# Kurisu-G²

## Documentation/Download Section

## Kt_Gen Docs

## Installation

There’s a Poetry setup to install the project dependencies.

```bash
poetry install
```

then

```bash
poetry env activate
```

There is a need to install special package for spacy, with the following command:
``` python -m spacy download en_core_web_sm ```
or 
``` python -m spacy download fr_core_web_sm```

The Kurisu-G² framework use ollama that can be installed with: 
```curl -fsSL https://ollama.com/install.sh | sh``` 
And then ```ollama pull llama3-8b```

There are `.env` in both kt_gen and faqtorisation folder with a path leading to the `all-MiniLM-L6-v2` folder that needs to be pulled with the command `git clone https://huggingface.co/sentence-transformers/all-MiniLM-L6-v2` 

Warning: this pull needs `git lfs` to be pulled. 

## Launch

I didn’t create Poetry run scripts. The main Streamlit pages exposing the features are grouped in the `st_app.py` app and can be accessed by running:

```bash
streamlit run src/kt_gen/st_app.py
```

## Project Structure

The project is organized as follows:
```
├── src
│   ├── kt_gen
│   │   ├── __init__.py
│   │   ├── st_app.py
│   │   ├── utils
│   │   │   ├── __init__.py
│   │   │   ├── llm
│   │   │   ├── streamlit
│   │   │   ├── model
│   │   ├── pages
│   │   ├── knowledge_graph
│   │   │   ├── utils
│   │   │   |    ├── pot_gpu
│   │   ├── examples
```

Scripts related to document graphs are in the `knowledge_graph` folder, utility scripts are in `utils`, and the Streamlit pages are in `pages`.  
All versions using FGW are in `kg_fgw.py`, and the baseline versions are in `kg_base_algo.py`.

Example document graphs are located in the `examples` folder.

The `.env` is used to set the path to the chosen embedding model. By default, it’s HuggingFace’s `all-MiniLM-L6-v2`, which will be downloaded from the web if nothing is specified in `.env`.

The Ollama localhost address is hardcoded to the default port 11434; I haven’t yet migrated this to the `.env`.

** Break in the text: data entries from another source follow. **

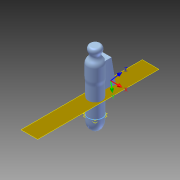
# Autodesk Inventor part: Handle_1_backup
Saved by Autodesk Inventor 2011 SP2 (Build 150309200, 309)
## iProperties
Created: 2012-02-26
Part Number: Handle_1_backup
Document SubType Name: Modeling
Designer: sungwook
Density: 1 g/cm^3
Author: sungwook
Autodesk Inventor part; units mm, degrees
note: some values were not read from the file. Chosen so that the rebuilt part matches the saved one: direction of "Hole2".
(part 1 of 18)
ref_plane "YZ Plane" through (0, 0, 0) normal (1, 0, 0) x (0, 1, 0)
sketch "Handle_0" plane through (0, 0, 0) normal (0, 0, 1) x (1, 0, 0)
  spline S0 degree 3 poles (-10017.4276, -10030.2974) (-10017.014, -10030.1564) (-10016.1737, -10029.8699) (-10014.8677, -10029.4935) (-10013.4915, -10029.1726) (-10012.0789, -10028.9345) (-10010.6777, -10028.7846) (-10009.3294, -10028.7092) (-10008.027, -10028.6839) (-10007.1723, -10028.6839) (-10006.75, -10028.6838) knots 0 0 0 0 0.131107 0.266278 0.407581 0.554823 0.69573 0.830104 0.959816 1.086502 1.086502 1.086502 1.086502
  spline S1 degree 3 poles (-10021.7321, -10032.2974) (-10021.7323, -10032.2974) (-10021.7332, -10032.2974) (-10021.7351, -10032.2974) (-10021.7383, -10032.2974) (-10021.7427, -10032.2974) (-10021.7484, -10032.2974) (-10021.7553, -10032.2974) (-10021.7635, -10032.2974) (-10021.7729, -10032.2974) (-10021.7836, -10032.2974) (-10021.7954, -10032.2974) (-10021.8085, -10032.2974) (-10021.8228, -10032.2974) (-10021.8383, -10032.2974) (-10021.8549, -10032.2974) (-10021.8727, -10032.2974) (-10021.8849, -10032.2974) (-10021.8912, -10032.2974) knots 0 0 0 0 0.003987 0.015957 0.035891 0.063749 0.099497 0.143102 0.194528 0.253743 0.320712 0.395401 0.477746 0.567575 0.664794 0.769325 0.881087 1 1 1 1
  spline S2 degree 3 poles (-10021.8912, -10032.2974) (-10021.5076, -10032.1439) (-10020.7463, -10031.8393) (-10019.2614, -10031.1643) (-10018.1607, -10030.6439) (-10017.4276, -10030.2974) knots 0 0 0 0 0.253343 0.502767 1 1 1 1
  spline S3 degree 3 poles (-10017.7909, -10013.9834) (-10017.3644, -10014.133) (-10016.4972, -10014.4372) (-10015.1487, -10014.8433) (-10013.7243, -10015.1928) (-10012.2605, -10015.4542) (-10010.8089, -10015.6192) (-10009.4142, -10015.7024) (-10008.0687, -10015.7302) (-10007.1861, -10015.7302) (-10006.75, -10015.7303) knots 0 0 0 0 0.135587 0.27568 0.422315 0.575323 0.72143 0.860365 0.994299 1.125132 1.125132 1.125132 1.125132
  line L0 (-10022.3039, -10015.9834) -> (-10006.75, -10015.9834)
  line L1 (-10006.75, -10015.7303) -> (-10006.75, -10015.9834)
  line L2 (-10006.75, -10015.9834) -> (-10006.75, -10017.9834)
  spline S4 degree 3 poles (-10006.75, -10017.9834) (-10007.6323, -10017.9834) (-10008.9768, -10017.9834) (-10010.805, -10017.9834) (-10012.253, -10017.9834) (-10013.7139, -10017.9834) (-10015.1384, -10017.9834) (-10016.4885, -10017.9834) (-10017.3635, -10017.9834) (-10017.7912, -10017.9834) knots 0 0 0 0 0.264693 0.403339 0.548464 0.699098 0.841605 0.975818 1.104119 1.104119 1.104119 1.104119
  spline S5 degree 3 poles (-10017.7912, -10017.9834) (-10018.5274, -10017.6306) (-10019.6344, -10017.1002) (-10020.9473, -10016.5195) (-10021.7151, -10016.205) (-10022.1069, -10016.0575) (-10022.3039, -10015.9834) knots 0 0 0 0 0.495968 0.745691 0.872094 1 1 1 1
  spline S6 degree 3 poles (-10022.3039, -10015.9834) (-10022.2789, -10015.9018) (-10022.229, -10015.7391) (-10022.1784, -10015.4891) (-10022.1468, -10015.237) (-10022.1364, -10014.9833) (-10022.1468, -10014.7297) (-10022.1783, -10014.4775) (-10022.2289, -10014.2276) (-10022.2788, -10014.0649) (-10022.3038, -10013.9834) knots 0 0 0 0 0.125726 0.250746 0.375528 0.500005 0.624584 0.749245 0.874433 1 1 1 1
  spline S7 degree 3 poles (-10022.3038, -10013.9834) (-10021.9144, -10013.9834) (-10021.1487, -10013.9834) (-10019.6444, -10013.9834) (-10018.5295, -10013.9834) (-10017.7909, -10013.9834) knots 0 0 0 0 0.25882 0.509015 1 1 1 1
  line L3 (-10033.25, -10030.2974) -> (-10017.4276, -10030.2974)
  line L4 (-10033.25, -10030.2974) -> (-10033.25, -10028.2974)
  line L5 (-10033.25, -10028.2974) -> (-10006.75, -10028.2974)
  line L6 (-10033.25, -10032.2974) -> (-10021.8912, -10032.2974)
  line L7 (-10033.25, -10032.2974) -> (-10033.25, -10030.2974)
  line L8 (-10033.25, -10017.9834) -> (-10017.7912, -10017.9834)
  line L9 (-10033.25, -10017.9834) -> (-10033.25, -10015.9834)
  line L10 (-10033.25, -10015.9834) -> (-10022.3039, -10015.9834)
  line L11 (-10033.25, -10015.9834) -> (-10033.25, -10013.9834)
  line L12 (-10033.25, -10013.9834) -> (-10022.3038, -10013.9834)
  line L13 (-10033.25, -10018.7294) -> (-10006.75, -10018.7294)
  line L14 (-10033.25, -10018.7294) -> (-10033.25, -10017.9834)
  line L15 (-10033.25, -10016.7294) -> (-10006.75, -10016.7294)
  line L16 (-10033.25, -10014.7294) -> (-10017.2831, -10014.7294)
  spline S8 degree 3 poles (-10006.75, -10016.3506) (-10007.1666, -10016.3506) (-10008.0095, -10016.3506) (-10009.294, -10016.3252) (-10010.6236, -10016.2493) (-10012.0057, -10016.0986) (-10013.3997, -10015.8592) (-10014.758, -10015.5367) (-10016.0468, -10015.1587) (-10016.8753, -10014.871) (-10017.2831, -10014.7294) knots 0 0 0 0 0.124973 0.252876 0.385371 0.524366 0.669742 0.809378 0.942972 1.072465 1.072465 1.072465 1.072465
  spline S9 degree 3 poles (-10022.0472, -10014.7294) (-10022.0417, -10014.8155) (-10022.0307, -10014.9878) (-10022.0416, -10015.2468) (-10022.0725, -10015.5043) (-10022.1248, -10015.7593) (-10022.1972, -10016.0104) (-10022.2891, -10016.2566) (-10022.398, -10016.4976) (-10022.4841, -10016.652) (-10022.5273, -10016.7294) knots 0 0 0 0 0.12386 0.247576 0.371585 0.495852 0.620749 0.746432 0.87277 1 1 1 1
  spline S10 degree 3 poles (-10022.5273, -10016.7294) (-10022.3413, -10016.8015) (-10021.9712, -10016.9449) (-10021.2455, -10017.2527) (-10020.357, -10017.6621) (-10019.3096, -10018.1858) (-10018.6193, -10018.548) (-10018.2736, -10018.7294) knots 0 0 0 0 0.127199 0.253182 0.502754 0.751027 1 1 1 1
  line L17 (-10035.75, -10008.8034) -> (-10035.75, -10032.8034)
  line L18 (-10149.7109, -10011.3194) -> (-10149.7109, -10030.2874)
  line L19 (-10149.3255, -10010.8327) -> (-10149.3255, -10030.7741)
  spline S11 degree 3 poles (-10130.7269, -10031.7874) (-10130.926, -10031.6416) (-10131.3276, -10031.3477) (-10132.101, -10030.7002) (-10132.8603, -10030.0211) (-10133.6568, -10029.3749) (-10134.1857, -10029.0056) (-10134.6323, -10028.7443) (-10134.9822, -10028.5682) (-10135.3467, -10028.4119) (-10135.5994, -10028.3291) (-10135.7269, -10028.2874) knots 0 0 0 0 0.074013 0.149267 0.302447 0.379596 0.456855 0.495662 0.534746 0.574288 0.614507 0.614507 0.614507 0.614507
  spline S12 degree 3 poles (-10130.7269, -10009.8194) (-10130.926, -10009.9651) (-10131.3276, -10010.2591) (-10132.101, -10010.9066) (-10132.8603, -10011.5857) (-10133.6568, -10012.2319) (-10134.1857, -10012.6012) (-10134.6323, -10012.8625) (-10134.9822, -10013.0385) (-10135.3467, -10013.1949) (-10135.5994, -10013.2777) (-10135.7269, -10013.3194) knots 0 0 0 0 0.074013 0.149267 0.302447 0.379596 0.456855 0.495662 0.534746 0.574288 0.614507 0.614507 0.614507 0.614507
  spline S13 degree 3 poles (-10125.7269, -10033.3034) (-10125.9497, -10033.3002) (-10126.3951, -10033.294) (-10127.0596, -10033.2345) (-10127.7155, -10033.1289) (-10128.3575, -10032.9694) (-10128.9818, -10032.7548) (-10129.5857, -10032.4841) (-10130.1707, -10032.1631) (-10130.5407, -10031.9132) (-10130.7269, -10031.7874) knots 0 0 0 0 0.066832 0.133581 0.19996 0.265954 0.331772 0.397749 0.464268 0.531651 0.531651 0.531651 0.531651
  spline S14 degree 3 poles (-10125.7269, -10008.3034) (-10125.9497, -10008.3065) (-10126.3951, -10008.3128) (-10127.0596, -10008.3723) (-10127.7155, -10008.4778) (-10128.3575, -10008.6374) (-10128.9818, -10008.8519) (-10129.5857, -10009.1227) (-10130.1707, -10009.4437) (-10130.5407, -10009.6936) (-10130.7269, -10009.8194) knots 0 0 0 0 0.066832 0.133581 0.19996 0.265954 0.331772 0.397749 0.464268 0.531651 0.531651 0.531651 0.531651
  arc A0 (-10149.3255, -10010.8327) -> (-10149.7109, -10011.3194) centre (-10149.2109, -10011.3194) ccw
  arc A1 (-10149.7109, -10030.2874) -> (-10149.3255, -10030.7741) centre (-10149.2109, -10030.2874) ccw
  spline S15 degree 3 poles (-10135.7269, -10028.2874) (-10135.9278, -10028.2333) (-10136.3389, -10028.1224) (-10136.9908, -10028.0381) (-10137.6833, -10028.0106) (-10138.4185, -10028.0482) (-10139.195, -10028.1445) (-10140.0117, -10028.2962) (-10140.8656, -10028.4992) (-10142.0718, -10028.8328) (-10143.63, -10029.3289) (-10145.5262, -10029.9531) (-10147.1288, -10030.4125) (-10148.3979, -10030.6807) (-10149.0212, -10030.7434) (-10149.3255, -10030.7741) knots 0 0 0 0 0.062347 0.127633 0.196641 0.270049 0.348203 0.431234 0.519115 0.611423 0.806629 1.009594 1.210352 1.306485 1.398176 1.398176 1.398176 1.398176
  spline S16 degree 3 poles (-10135.7269, -10013.3194) (-10135.9278, -10013.3735) (-10136.3389, -10013.4843) (-10136.9908, -10013.5687) (-10137.6833, -10013.5961) (-10138.4185, -10013.5586) (-10139.195, -10013.4622) (-10140.0117, -10013.3105) (-10140.8656, -10013.1076) (-10142.0718, -10012.774) (-10143.63, -10012.2779) (-10145.5262, -10011.6537) (-10147.1288, -10011.1943) (-10148.3979, -10010.9261) (-10149.0212, -10010.8633) (-10149.3255, -10010.8327) knots 0 0 0 0 0.062347 0.127633 0.196641 0.270049 0.348203 0.431234 0.519115 0.611423 0.806629 1.009594 1.210352 1.306485 1.398176 1.398176 1.398176 1.398176
  line L20 (-10150.7269, -10009.8034) -> (-10150.7269, -10031.8034)
  spline S17 degree 3 poles (-10135.7269, -10029.3034) (-10135.5108, -10029.4039) (-10135.0741, -10029.6072) (-10134.4442, -10029.9821) (-10133.8129, -10030.3902) (-10133.18, -10030.8311) (-10132.5504, -10031.3008) (-10131.7333, -10031.962) (-10131.1285, -10032.4676) (-10130.7269, -10032.8034) knots 0 0 0 0 0.071451 0.144434 0.219638 0.296973 0.375788 0.45523 0.612272 0.612272 0.612272 0.612272
  spline S18 degree 3 poles (-10135.7269, -10012.3034) (-10135.5108, -10012.2028) (-10135.0741, -10011.9996) (-10134.4442, -10011.6247) (-10133.8129, -10011.2166) (-10133.18, -10010.7757) (-10132.5504, -10010.306) (-10131.7333, -10009.6447) (-10131.1285, -10009.1391) (-10130.7269, -10008.8034) knots 0 0 0 0 0.071451 0.144434 0.219638 0.296973 0.375788 0.45523 0.612272 0.612272 0.612272 0.612272
  spline S19 degree 3 poles (-10130.7269, -10032.8034) (-10130.5423, -10032.9469) (-10130.2674, -10033.1606) (-10129.884, -10033.4163) (-10129.594, -10033.5901) (-10129.2985, -10033.7456) (-10128.9973, -10033.882) (-10128.6898, -10033.9984) (-10128.3763, -10034.0947) (-10128.0571, -10034.172) (-10127.6231, -10034.2505) (-10127.0692, -10034.306) (-10126.3992, -10034.3225) (-10125.9509, -10034.3204) (-10125.7269, -10034.3194) knots 0 0 0 0 0.070131 0.104405 0.138173 0.17151 0.20452 0.237328 0.270066 0.302853 0.33579 0.402309 0.469592 0.53679 0.53679 0.53679 0.53679
  spline S20 degree 3 poles (-10130.7269, -10008.8034) (-10130.5423, -10008.6598) (-10130.2674, -10008.4461) (-10129.884, -10008.1905) (-10129.594, -10008.0167) (-10129.2985, -10007.8612) (-10128.9973, -10007.7247) (-10128.6898, -10007.6084) (-10128.3763, -10007.5121) (-10128.0571, -10007.4348) (-10127.6231, -10007.3563) (-10127.0692, -10007.3007) (-10126.3992, -10007.2843) (-10125.9509, -10007.2864) (-10125.7269, -10007.2874) knots 0 0 0 0 0.070131 0.104405 0.138173 0.17151 0.20452 0.237328 0.270066 0.302853 0.33579 0.402309 0.469592 0.53679 0.53679 0.53679 0.53679
  spline S21 degree 3 poles (-10149.7109, -10031.8034) (-10149.3939, -10031.7865) (-10148.7265, -10031.7511) (-10147.7049, -10031.5383) (-10146.6313, -10031.2587) (-10145.1692, -10030.808) (-10143.7277, -10030.3152) (-10142.32, -10029.8454) (-10141.3329, -10029.5329) (-10140.407, -10029.2713) (-10139.5489, -10029.0697) (-10138.761, -10028.9335) (-10138.0418, -10028.87) (-10137.3871, -10028.8799) (-10136.7899, -10028.9587) (-10136.2385, -10029.099) (-10135.8958, -10029.2359) (-10135.7269, -10029.3034) knots 0 0 0 0 0.095122 0.200216 0.312183 0.428034 0.659064 0.769198 0.873257 0.96964 1.057768 1.137592 1.209313 1.274064 1.333591 1.389675 1.444205 1.444205 1.444205 1.444205
  spline S22 degree 3 poles (-10149.7109, -10009.8034) (-10149.3939, -10009.8202) (-10148.7265, -10009.8557) (-10147.7049, -10010.0685) (-10146.6313, -10010.3481) (-10145.1692, -10010.7988) (-10143.7277, -10011.2916) (-10142.32, -10011.7614) (-10141.3329, -10012.0739) (-10140.407, -10012.3355) (-10139.5489, -10012.5371) (-10138.761, -10012.6733) (-10138.0418, -10012.7368) (-10137.3871, -10012.7269) (-10136.7899, -10012.6481) (-10136.2385, -10012.5077) (-10135.8958, -10012.3709) (-10135.7269, -10012.3034) knots 0 0 0 0 0.095122 0.200216 0.312183 0.428034 0.659064 0.769198 0.873257 0.96964 1.057768 1.137592 1.209313 1.274064 1.333591 1.389675 1.444205 1.444205 1.444205 1.444205
  line L21 (-10149.7109, -10031.8034) -> (-10150.7269, -10031.8034)
  line L22 (-10149.7109, -10009.8034) -> (-10150.7269, -10009.8034)
  line L23 (-10006.75, -10012.8034) -> (-10006.75, -10015.7303)
  line L24 (-10006.75, -10017.9834) -> (-10006.75, -10028.6838)
  spline S23 degree 3 poles (-10031.75, -10033.8194) (-10030.8977, -10033.8186) (-10029.6216, -10033.8174) (-10027.9256, -10033.7166) (-10026.664, -10033.5781) (-10025.4125, -10033.368) (-10024.1727, -10033.0817) (-10022.9433, -10032.7265) (-10022.1369, -10032.4408) (-10021.7321, -10032.2974) knots 0 0 0 0 0.25561 0.382747 0.509496 0.636178 0.763224 0.891032 1.019834 1.019834 1.019834 1.019834
  spline S24 degree 3 poles (-10031.75, -10007.7874) (-10030.68, -10007.7919) (-10029.0783, -10007.7987) (-10026.9528, -10007.9822) (-10025.3776, -10008.2408) (-10023.8213, -10008.6177) (-10021.7597, -10009.2599) (-10019.25, -10010.2954) (-10016.7403, -10011.3308) (-10014.6787, -10011.973) (-10013.1224, -10012.35) (-10011.5472, -10012.6085) (-10009.4217, -10012.792) (-10007.82, -10012.7988) (-10006.75, -10012.8034) knots 0 0 0 0 0.320849 0.480281 0.639462 0.799243 0.960292 1.286737 1.613182 1.774231 1.934012 2.093192 2.252625 2.573474 2.573474 2.573474 2.573474
  line L25 (-10035.75, -10015.8034) -> (-10006.75, -10015.8034)
  line L26 (-10035.75, -10025.8034) -> (-10006.75, -10025.8034)
  line L27 (-10035.75, -10015.8404) -> (-10033.25, -10015.8404)
  line L28 (-10035.75, -10017.6184) -> (-10033.25, -10017.6184)
  line L29 (-10035.75, -10015.0944) -> (-10033.25, -10015.0944)
  line L30 (-10035.75, -10016.8724) -> (-10033.25, -10016.8724)
  line L31 (-10035.75, -10029.4084) -> (-10033.25, -10029.4084)
  line L32 (-10035.75, -10031.1864) -> (-10033.25, -10031.1864)
  line L33 (-10035.75, -10032.8034) -> (-10095.75, -10032.8034)
  line L34 (-10035.75, -10008.8034) -> (-10095.75, -10008.8034)
  line L35 (-10031.75, -10033.8194) -> (-10095.75, -10033.8194)
  line L36 (-10031.75, -10007.7874) -> (-10095.75, -10007.7874)
  spline S25 degree 3 poles (-10095.75, -10032.8034) (-10095.9588, -10032.8037) (-10096.376, -10032.8044) (-10097.0013, -10032.8424) (-10097.6226, -10032.9293) (-10098.2385, -10033.0534) (-10098.8543, -10033.1775) (-10099.4756, -10033.2644) (-10100.1009, -10033.3024) (-10100.5181, -10033.303) (-10100.7269, -10033.3034) knots 0 0 0 0 0.062631 0.12514 0.187761 0.250672 0.313584 0.376205 0.438713 0.501345 0.501345 0.501345 0.501345
  spline S26 degree 3 poles (-10095.75, -10008.8034) (-10095.9588, -10008.803) (-10096.376, -10008.8024) (-10097.0013, -10008.7644) (-10097.6226, -10008.6775) (-10098.2385, -10008.5534) (-10098.8543, -10008.4293) (-10099.4756, -10008.3424) (-10100.1009, -10008.3044) (-10100.5181, -10008.3037) (-10100.7269, -10008.3034) knots 0 0 0 0 0.062631 0.12514 0.187761 0.250672 0.313584 0.376205 0.438713 0.501345 0.501345 0.501345 0.501345
  spline S27 degree 3 poles (-10100.7269, -10034.3194) (-10100.5181, -10034.319) (-10100.1009, -10034.3184) (-10099.4756, -10034.2804) (-10098.8543, -10034.1935) (-10098.2385, -10034.0694) (-10097.6226, -10033.9453) (-10097.0013, -10033.8584) (-10096.376, -10033.8204) (-10095.9588, -10033.8197) (-10095.75, -10033.8194) knots 0 0 0 0 0.062631 0.12514 0.187761 0.250672 0.313584 0.376205 0.438713 0.501345 0.501345 0.501345 0.501345
  spline S28 degree 3 poles (-10100.7269, -10007.2874) (-10100.5181, -10007.2877) (-10100.1009, -10007.2884) (-10099.4756, -10007.3264) (-10098.8543, -10007.4133) (-10098.2385, -10007.5374) (-10097.6226, -10007.6615) (-10097.0013, -10007.7484) (-10096.376, -10007.7864) (-10095.9588, -10007.787) (-10095.75, -10007.7874) knots 0 0 0 0 0.062631 0.12514 0.187761 0.250672 0.313584 0.376205 0.438713 0.501345 0.501345 0.501345 0.501345
  line L37 (-10100.7269, -10033.3034) -> (-10125.7269, -10033.3034)
  line L38 (-10100.7269, -10008.3034) -> (-10125.7269, -10008.3034)
  line L39 (-10100.7269, -10034.3194) -> (-10125.7269, -10034.3194)
  line L40 (-10100.7269, -10007.2874) -> (-10125.7269, -10007.2874)
  point P0 (-10079.453, -10020.7457)
  point P1 (-10016.1834, -10029.8841)
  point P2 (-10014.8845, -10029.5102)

The `utils/pot_gpu` folder contains scripts to run approximations of the fused Gromov–Wasserstein distance on GPU, which speeds up processing time on very large knowledge graphs.

## Streamlit Pages

The Streamlit pages are organized as follows:
```
├── pages
│   ├── kg_text_brut.py
│   ├── st_knowledge_cards.py
│   ├── st_question_generation.py
│   ├── st_graph_llm_all.py
```

The `kg_text_brut.py` page lets you create a document graph from raw text.  
The `st_graph_llm_all.py` page is used to test the fused Gromov–Wasserstein distance coded for GPU.
The `st_question_generation.py` file is used to generate questions from a graph.
The `st_knowledge_cards.py` page is the code used to generate documentation thanks to the retrieval of context and the clustering of questions.